A joyetech Cubox 50w. Bought it and threw it in my gloves box as a backup but was never used. Has a few scratches from lying in the car for over 6 months. *Still available.*

Reactions: Like 1 | Winner 17


----------



## Puff the Magic Dragon (8/4/19)

Great offer. This is what this forum is all about.
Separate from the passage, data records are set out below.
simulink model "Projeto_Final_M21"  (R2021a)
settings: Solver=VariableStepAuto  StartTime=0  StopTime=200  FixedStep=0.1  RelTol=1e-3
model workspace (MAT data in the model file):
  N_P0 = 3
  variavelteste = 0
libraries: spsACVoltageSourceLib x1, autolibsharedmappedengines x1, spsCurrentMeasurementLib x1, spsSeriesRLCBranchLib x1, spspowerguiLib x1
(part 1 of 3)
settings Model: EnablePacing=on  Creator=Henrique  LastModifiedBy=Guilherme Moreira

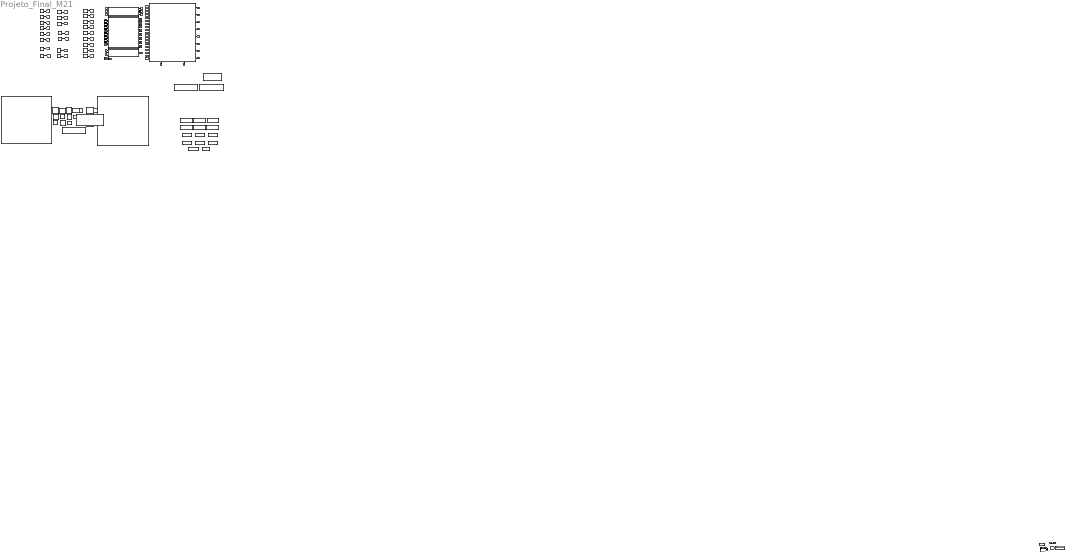
== system Projeto_Final_M21 ==
  note: Pedais Manuais
      |
      |
      |
      |
      |
      |
      |
      |
      |
      |
      |  						Freio												Acelerador
  note: Sistema Start Stop
  note: Transmissão
  note: Motor
  note: Conforto e Segurança
  note: Ar Condicionado
  note: Entradas do Sistema Start/Stop
  note: Subsistemas
  note: Parâmetros Calibráveis
  AC Voltage Source : spsACVoltageSourceLib/AC Voltage Source  Amplitude=100  Phase=0  Frequency=60  SampleTime=0  Measurements=None  BusType=swing  Pref=10e3  Qref=0  Qmin=-inf  Qmax=+inf
  ACELERADOR Slider : CustomTuningWebBlock  LabelPosition=Hide  ShowInitialText=on  Configuration="{\"components\":[{\"name\":\"LinearScaleComponent\",\"settings\":{\"bounds\":{\"max\":1,\"min\":0,\"tickInterval\":\"auto\"},\"internalTickHeightScaleFactor\":0.5,\"labelColor\":[255,255,255],\"labelFont\":{\"font\":\"Arial\",\"fontSize\":12},\"labelTransparency\":1,\"needleImage\":{\"size\":[596,842],\"src\":\"data:image\\/svg+xml;base64,PD94bWwgdmVyc2lvbj0iMS4wIiBlbmNvZGluZz0idXRmLTgiPz4NCjwhLS0gR2VuZXJhdG9yOiBBZG9iZSBJbGx1c3RyYXRvciAyNS4wLjAsIFNWRyBFeHBvcnQgUGx1Zy1JbiAuIFNWRyBWZXJzaW9uOiA2LjAwIEJ1aWxkIDApICAtLT4NCjxzdmcgdmVyc2lvbj0iMS4xIg0KCSBpZD0ic3ZnOCIgeG1sbnM6Y2M9Imh0dHA6Ly9jcmVhdGl2ZWNvbW1vbnMub3JnL25zIyIgeG1sbnM6ZGM9Imh0dHA6Ly9wdXJsLm9yZy9kYy9lbGVtZW50cy8xLjEvIiB4bWxuczppbmtzY2FwZT0iaHR0cDovL3d3dy5pbmtzY2FwZS5vcmcvbmFtZXNw ...(+2420 chars)\",\"srcOrientation\":\"horizontal\"},\"needleOffset\":[-0.8044596912521441,-0.0642123287671233],\"needleSize\":{\"height\":0.4337797619047619,\"width\":0.07668067226890757},\"position\":[0.28322784810126583,0.04399119127516778,0.9196728187919463,0.6087816455696202],\"scaleColors\":[],\"scaleColorsSize\":0.2,\"showLabels\":1,\"showMinorTicks\":0,\"showSpanLine\":1,\"showTicks\":1,\"tickColor\":[234,234,234],\"tickTransparency\":1,\"valueBarColor\":[255,0,0],\"valueBarOffset\":-0.27,\"valueBarSize\":0.1,\"valueBarTransparency\":1}},{\"name\":\"BackgroundImageComponent\",\"settings\":{\"image\":{\"size\":[476,126],\"src\":\"data:image\\/svg+xml;base64,PD94bWwgdmVyc2lvbj0iMS4wIiBlbmNvZGluZz0iVVRGLTgiIHN0YW5kYWxvbmU9Im5vIj8+CjxzdmcKICAgeG1sbnM6ZGM9Imh0dHA6Ly9wdXJsLm9yZy9kYy9lbGVtZW50cy8xLjEvIgogICB4bWxuczpjYz0iaHR0cDovL2NyZWF0aXZlY29tbW9ucy5vcmcvbnMjIgogICB4bWxuczpyZGY9Imh0dHA6Ly93d3cudzMub3JnLzE5OTkvMDIvMjItcmRmLXN5bnRheC1ucyMiCiAgIHhtbG5zOnN2Zz0iaHR0cDovL3d3dy53My5vcmcvMjAwMC9zdmciCiAgIHhtbG5zPSJodHRwOi8vd3d3LnczLm9yZy8yMDAwL3N2ZyIKICAgeG1sbnM6 ...(+2824 chars)\",\"srcOrientation\":\"horizontal\"},\"position\":[0,0,1,1],\"scaleMode\":\"0\"}},{\"name\":\"ForegroundImageComponent\",\"settings\":{\"image\":{\"size\":[0,0],\"src\":\"default\",\"srcOrientation\":[]},\"isForeground\":1,\"position\":[0,0,1,1],\"scaleMode\":\"0\"}}],\"settings\":{\"BindingType\":\"param\",\"aspectRatio\":3.7777777777777777,\"backgroundColor\":[0,0,0,\"1\"],\"backgroundOffset\":0,\"backgroundOpacity\":1,\"fixedAspectRatio\":\"on\",\"foregroundColor\":[252,252,196],\"orientation\":\"horizontal\",\"showBackgroundColor\":false,\"value\":0},\"type\":\"LinearGauge\"}"
  Angulo Direção : Constant  Value=0
  Angulo de Direção : EditField  LabelPosition=Hide  ShowInitialText=on  Alignment=Center
  Battery : LampBlock  LabelPosition=Hide  Icon=Battery
  Capô : SliderSwitchBlock  LabelPosition=Hide
      settings: Values={{'Off', 'On'}, [0 1]}
  Catalyst : LampBlock  LabelPosition=Hide  Icon=Custom  CustomIcon=data:image/svg+xml;base64,PD94bWwgdmVyc2lvbj0iMS4wIiBlbmNvZGluZz0iVVRGLTgiPz4KPHN2ZyB2ZXJzaW9uPSIxLjEiIHhtbG5zPSJodHRwOi8vd3d3LnczLm9yZy8yMDAwL3N2ZyIgd2lkdGg9IjUxMiIgaGVpZ2h0PSI1MTIiPgo8cGF0aCBkPSJNMCAwIEMyLjc2MDU4ODg2IC0wLjAyNTI3NTg4IDUuNTIwNDkzMjUgLTAuMDc4NjA0OTggOC4yODA3MDA2OCAtMC4xMzAwOTY0NCBDMTQuOTU3ODA3OTUgLTAuMjM2OTExNzUgMjEuNjMxMTA3MTQgLTAuMjQxOTI4NDQgMjguMzA4ODM0MzkgLTAuMjA3NDA2MzcgQzMzLjc0NTcxNjQyIC0wLjE4MDcyNzUy ...(+32880 chars)
  Ciclo Direção e Temp Catalisador : Subsystem
  Cinto : SliderSwitchBlock  LabelPosition=Hide
      settings: Values={{'Off', 'On'}, [0 1]}
  Circular Gauge1 : CustomWebBlock  LabelPosition=Hide  ShowInitialText=on  Configuration="{\"components\":[{\"name\":\"CircularScaleComponent\",\"settings\":{\"bounds\":{\"max\":7000,\"min\":0,\"tickInterval\":500},\"direction\":\"cw\",\"flipLimits\":0,\"innerRadius\":0.75,\"internalTickHeightScaleFactor\":1,\"labelColor\":[255,255,200],\"labelFont\":{\"font\":\"Arial\",\"fontSize\":12},\"labelTransparency\":1,\"minorTickHeightScaleFactor\":0.2,\"needleImage\":{\"size\":[200,50],\"src\":\"data:image\\/svg+xml;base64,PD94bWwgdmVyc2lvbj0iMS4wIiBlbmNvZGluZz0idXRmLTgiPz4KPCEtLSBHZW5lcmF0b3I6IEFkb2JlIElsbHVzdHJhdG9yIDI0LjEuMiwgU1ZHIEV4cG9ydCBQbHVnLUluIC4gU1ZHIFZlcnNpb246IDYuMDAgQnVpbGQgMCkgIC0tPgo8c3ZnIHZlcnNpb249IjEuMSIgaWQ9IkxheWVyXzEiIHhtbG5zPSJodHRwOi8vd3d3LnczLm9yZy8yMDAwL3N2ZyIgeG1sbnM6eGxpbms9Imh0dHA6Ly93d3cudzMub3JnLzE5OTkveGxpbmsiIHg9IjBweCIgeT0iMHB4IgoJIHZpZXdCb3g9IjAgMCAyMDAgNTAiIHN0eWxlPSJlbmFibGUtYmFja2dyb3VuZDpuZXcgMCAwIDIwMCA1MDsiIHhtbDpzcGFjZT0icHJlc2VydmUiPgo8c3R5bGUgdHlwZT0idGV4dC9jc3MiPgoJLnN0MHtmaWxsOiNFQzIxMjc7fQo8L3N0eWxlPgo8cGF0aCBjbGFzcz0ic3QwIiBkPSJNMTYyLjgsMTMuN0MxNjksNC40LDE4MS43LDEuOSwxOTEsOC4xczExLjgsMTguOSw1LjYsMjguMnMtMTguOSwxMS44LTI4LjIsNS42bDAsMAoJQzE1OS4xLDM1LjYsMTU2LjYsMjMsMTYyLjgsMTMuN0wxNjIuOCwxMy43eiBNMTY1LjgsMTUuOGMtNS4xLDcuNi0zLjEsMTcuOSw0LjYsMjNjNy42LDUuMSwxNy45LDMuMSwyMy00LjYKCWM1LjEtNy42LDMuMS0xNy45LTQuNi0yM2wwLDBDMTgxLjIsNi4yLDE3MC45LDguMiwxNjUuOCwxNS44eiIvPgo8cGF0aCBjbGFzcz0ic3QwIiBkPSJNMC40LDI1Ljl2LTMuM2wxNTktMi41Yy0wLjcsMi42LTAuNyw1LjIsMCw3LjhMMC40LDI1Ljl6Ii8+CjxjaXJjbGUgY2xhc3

Reactions: Like 1 | Agree 4 | Winner 1


----------



## Grand Guru (8/4/19)

Cubox still available.


----------



## Silver (8/4/19)

This is great to see

Big kudos to you @Grand Guru

Reactions: Like 2 | Agree 2 | Thanks 1


----------



## Spongebob (8/4/19)

May i please have it? 

Sent from my SM-T561 using Tapatalk


----------



## Grand Guru (8/4/19)

Spongebob said:


> May i please have it?
> 
> Sent from my SM-T561 using Tapatalk


You're welcome to PM me @Spongebob.


----------



## Spongebob (9/4/19)

Grand Guru said:


> You're welcome to PM me @Spongebob.


On second thought plse give it to someone who needs it more 

Sent from my LYA-L09 using Tapatalk

Reactions: Like 5 | Winner 1


----------



## StompieZA (9/4/19)

My brother in law wants to start vaping and quit smoking. Gave him my Gusto Mini and i have been refilling the pods for him.

Could i possibly get the cubox for him? I will then Pif the Gusto Mini again for someone else on the forum.

Reactions: Like 6 | Winner 1


----------



## Grand Guru (9/4/19)

StompieZA said:


> My brother in law wants to start vaping. Gave him my Gusto Mini and i have been refilling the pods for him.
> 
> Could i possibly get the cubox for him? I will then Pif the Gusto Mini again for someone else on the forum.


PM me your shipping details. I’ll add an RTA/RDA for the good cause

Reactions: Like 1 | Winner 9


----------



## StompieZA (9/4/19)

Grand Guru said:


> PM me your shipping details. I’ll add an RTA/RDA for the good cause



Oh wow!! Thats awesome! I also have a Voopoo Uforce subohm tank which he can use.

PM Incoming!

Reactions: Like 5


----------



## Spongebob (9/4/19)

Then I'll take the gusto

Sent from my LYA-L09 using Tapatalk

Reactions: Like 1 | Winner 1


----------



## StompieZA (9/4/19)

Spongebob said:


> Then I'll take the gusto
> 
> Sent from my LYA-L09 using Tapatalk



Its yours!

Reactions: Winner 4


----------



## Spongebob (9/4/19)

Really 

Sent from my SM-T561 using Tapatalk


----------



## StompieZA (12/4/19)

Spongebob said:


> Really
> 
> Sent from my SM-T561 using Tapatalk



If you really want it, PM me and i will arrange delivery

Reactions: Like 1 | Winner 2


----------



## juliannaidoo.jn (13/4/19)

Hi guys, any of the mods still available, I just joined the forum after reading the posts for a while and want to quit smoking. I have a twisp clero 2 that I can swap, used it for a month but the draw was too tight. I want to start using a dtl reg mod on my journey to quit the stinkies.

Sent from my SM-G935F using Tapatalk


----------



## Zaidieboi (13/4/19)

Grand Guru said:


> Cubox still available.


Price ?


----------



## Grand Guru (13/4/19)

Both mods are gone.

Reactions: Like 4


----------



## Resistance (14/4/19)

Grand Guru said:


> Both mods are gone.


Awesome bro!

Reactions: Thanks 1


----------